What about the relationship between truth and democracy? Recent work in democratic theory has explored its epistemic dimension, the way in which democratically made decisions are likely to be more cogent or well founded than decisions made by a small cabal. Although he defends this view, David Estlund (2008) also gives serious consideration to what he calls ‘epistocracy’ – that is, government exercised by those most likely to arrive at correct decisions, like the Guardians in Plato’s Republic. Conversely, given universal education, a public culture of deliberation, and the unique perspective on the world that is the preserve of every person, one might think that there is strength in numbers.
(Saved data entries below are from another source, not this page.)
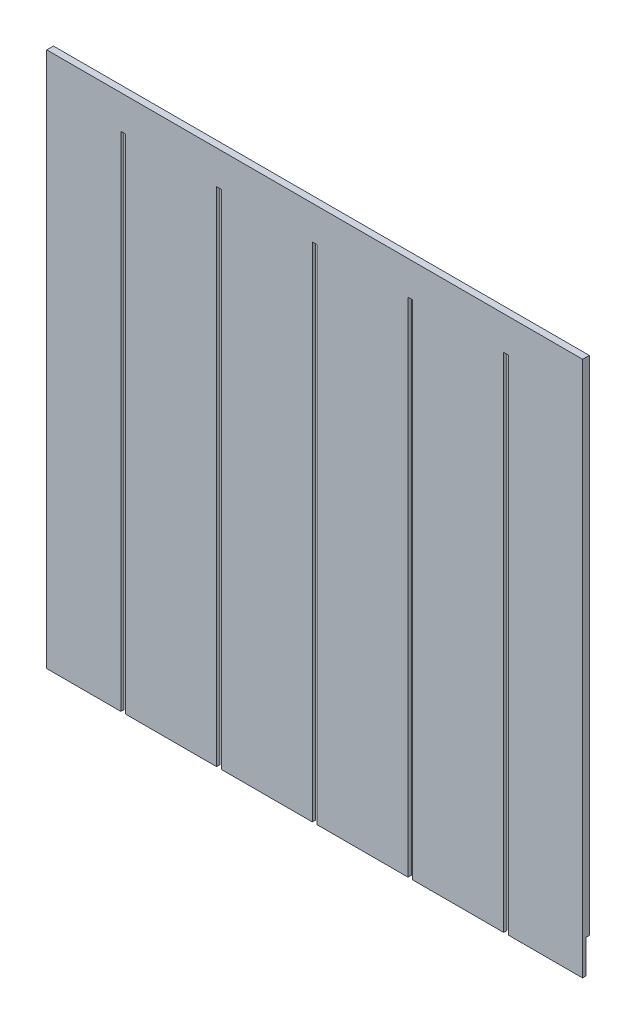
SolidWorks part; units mm, degrees
ref_plane "前视基准面" through (0, 0, 0) normal (0, 0, 1) x (1, 0, 0)
ref_plane "上视基准面" through (0, 0, 0) normal (0, 1, 0) x (1, 0, 0)
ref_plane "右视基准面" through (0, 0, 0) normal (1, 0, 0) x (0, 0, -1)
sketch "草图1" plane through (0, 0, 0) normal (0, 0, 1) x (1, 0, 0)
  line L0 (-57.86, 70) -> (-57.86, -80)
  line L1 (-62.86, -80) -> (-57.86, -80)
  line L2 (-80, -80) -> (-80, 80)
  line L3 (-80, 80) -> (80, 80)
  line L4 (80, -80) -> (80, 80)
  line L5 (-80, -80) -> (-34.28, -34.28) construction
  line L6 (-80, 80) -> (-51.46, 51.46) construction
  line L7 (-29.28, 70) -> (-29.28, -80)
  line L8 (-56.46, -80) -> (-56.46, 70)
  line L9 (-57.86, -80) -> (-62.86, -80)
  line L10 (-57.86, 70) -> (-56.46, 70)
  line L11 (-56.46, -80) -> (-29.28, -80)
  line L12 (-27.88, -80) -> (-27.88, 70)
  line L13 (-57.16, -57.5) -> (-57.16, 47.5) construction
  line L14 (80, -80) -> (57.86, -80)
  line L15 (56.46, -80) -> (29.28, -80)
  line L17 (-56.46, 70) -> (-56.46, -80)
  line L19 (-57.86, -80) -> (-62.86, -80)
  line L20 (-80, -80) -> (-62.86, -80)
  line L24 (-27.88, -80) -> (-0.7, -80)
  line L25 (-0.7, -80) -> (-27.88, -80)
  line L26 (-27.88, 70) -> (-27.88, -80)
  line L27 (-27.88, -80) -> (-0.7, -80)
  line L29 (-28.58, -57.5) -> (-28.58, 47.5) construction
  line L30 (-0.7, 70) -> (-0.7, -80)
  line L32 (0.7, -80) -> (0.7, 70)
  line L36 (0.7, -80) -> (27.88, -80)
  line L37 (27.88, -80) -> (0.7, -80)
  line L38 (0.7, 70) -> (0.7, -80)
  line L39 (0.7, -80) -> (27.88, -80)
  line L41 (0, -57.5) -> (0, 47.5) construction
  line L42 (27.88, 70) -> (27.88, -80)
  line L44 (29.28, -80) -> (29.28, 70)
  line L50 (29.28, 70) -> (29.28, -80)
  line L53 (28.58, -57.5) -> (28.58, 47.5) construction
  line L54 (56.46, 70) -> (56.46, -80)
  line L56 (57.86, -80) -> (57.86, 70)
  line L59 (-29.28, -29.28) -> (80, 80) construction
  line L62 (57.86, 70) -> (57.86, -80)
  line L65 (57.16, -57.5) -> (57.16, 47.5) construction
  line L67 (-29.28, 70) -> (-27.88, 70)
  line L73 (-0.7, 70) -> (0.7, 70)
  line L74 (27.88, 70) -> (29.28, 70)
  line L75 (56.46, 70) -> (57.86, 70)
  line L76 (-29.28, 29.28) -> (80, -80) construction
  line L77 (-34.28, -80) -> (-29.28, -80) [skipped]
  line L78 (-29.28, -80) -> (-34.28, -80) [skipped]
  line L79 (-29.28, -80) -> (-34.28, -80) [skipped]
  line L80 (-5.7, -80) -> (-0.7, -80) [skipped]
  line L81 (-0.7, -80) -> (-5.7, -80) [skipped]
  line L82 (-0.7, -80) -> (-5.7, -80) [skipped]
  line L83 (22.88, -80) -> (27.88, -80) [skipped]
  line L84 (27.88, -80) -> (22.88, -80) [skipped]
  line L85 (27.88, -80) -> (22.88, -80) [skipped]
  line L86 (51.46, -80) -> (56.46, -80) [skipped]
  line L87 (56.46, -80) -> (51.46, -80) [skipped]
  line L88 (56.46, -80) -> (51.46, -80) [skipped]
  point P0 (0, 0)
  dimension "D1" = 160
  dimension "D2" = 160
  dimension "D3" = 1.4
  dimension "D4" = 5
  dimension "D5" = 5
  dimension "D6" = 28.58
  dimension "D7" = 10
  dimension "D8" = 10
  dimension "D9" = 10
extrude "凸台-拉伸2" add sketch "草图1" along normal blind 1
sketch "草图2" plane through (0, 0, 0) normal (0, 0, -1) x (-1, 0, 0)
  line L0 (-80, -70) -> (-77.5, -70)
  line L1 (-80, -80) -> (-80, 80) construction
  line L2 (-70, -70) -> (-70, 70)
  line L3 (-80, -80) -> (-57.86, -80) construction
  line L4 (77.5, 70) -> (77.5, 72.5)
  line L5 (-70, 70) -> (72.5, 70)
  line L6 (80, -80) -> (80, 80) construction
  line L7 (80, 80) -> (-80, 80) construction
  line L8 (80, 70) -> (80, 80)
  line L9 (80, 80) -> (-80, 80)
  line L10 (-80, 80) -> (-80, -70)
  line L11 (-75, -70) -> (-75, -65.3851) construction
  line L12 (-77.5, -70) -> (-77.5, -67.5)
  line L13 (-77.5, -67.5) -> (-72.5, -67.5)
  line L14 (-72.5, -70) -> (-72.5, -67.5)
  line L15 (-72.5, -70) -> (-70, -70)
  line L16 (75, 70) -> (75, 72.5699) construction
  line L17 (72.5, 70) -> (72.5, 72.5)
  line L18 (72.5, 72.5) -> (77.5, 72.5)
  line L19 (77.5, 70) -> (80, 70)
  point P23 (-75, -67.5)
  point P30 (75, 72.5)
  dimension "D1" = 10
  dimension "D2" = 10
  dimension "D3" = 10
  dimension "D4" = 2.5
  dimension "D5" = 2.5
  dimension "D6" = 5
  dimension "D7" = 2.5
  dimension "D8" = 2.5
extrude "凸台-拉伸3" add sketch "草图2" along normal blind 1
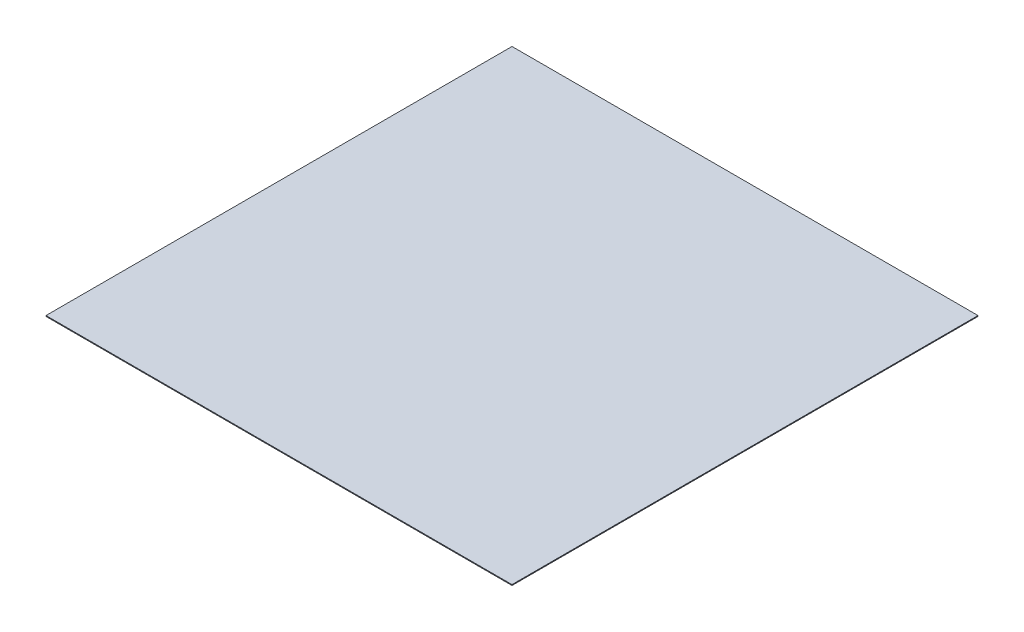
SolidWorks part; units mm, degrees
material "STYCAST 2850FT/Catalyst 23LV"
ref_plane "Front Plane" through (0, 0, 0) normal (0, 0, 1) x (1, 0, 0)
ref_plane "Top Plane" through (0, 0, 0) normal (0, 1, 0) x (1, 0, 0)
ref_plane "Right Plane" through (0, 0, 0) normal (1, 0, 0) x (0, 0, -1)
sketch "Sketch1" plane through (0, 0, 0) normal (0, 1, 0) x (1, 0, 0)
  line L1 (-69.85, -69.85) -> (69.85, -69.85)
  line L2 (-69.85, -69.85) -> (-69.85, 69.85)
  line L3 (-69.85, 69.85) -> (69.85, 69.85)
  line L4 (69.85, -69.85) -> (69.85, 69.85)
  line L5 (-69.85, -69.85) -> (69.85, 69.85) construction
  line L6 (-69.85, 69.85) -> (69.85, -69.85) construction
  line L7 (-50, -50) -> (50, -50) construction
  line L8 (-50, -50) -> (-50, 50) construction
  line L9 (-50, 50) -> (50, 50) construction
  line L10 (50, -50) -> (50, 50) construction
  line L11 (-50, -50) -> (50, 50) construction
  line L12 (-50, 50) -> (50, -50) construction
  point P0 (0, 0)
  point P6 (0, 0)
  dimension "D1" = 139.7
  dimension "D2" = 100
extrude "Boss-Extrude1" add sketch "Sketch1" along normal mid plane 0.25
equation "\"panel_width\"= 5.5in"
equation "\"finger_joint_width\"= 30mm"
equation "\"D1@Sketch1\"=\"panel_width\""

Just as ten scientists working collaboratively are more likely to solve a puzzle than one working alone, the corporate body of citizens working together is better able to figure out what is in the public interest than a small epistocratic elite would. (This is in fact Estlund’s argument for democracy.) Of course, how far citizens really work together in a democracy is a moot point. The thoughtful, civic-minded model of the democratic process defended by deliberative theorists is far removed from the adversarial and populist democracy found across the globe. Much the same can be said about free speech itself; often disrespected, it remains an ideal – for the sorts of reasons we have canvassed in this chapter.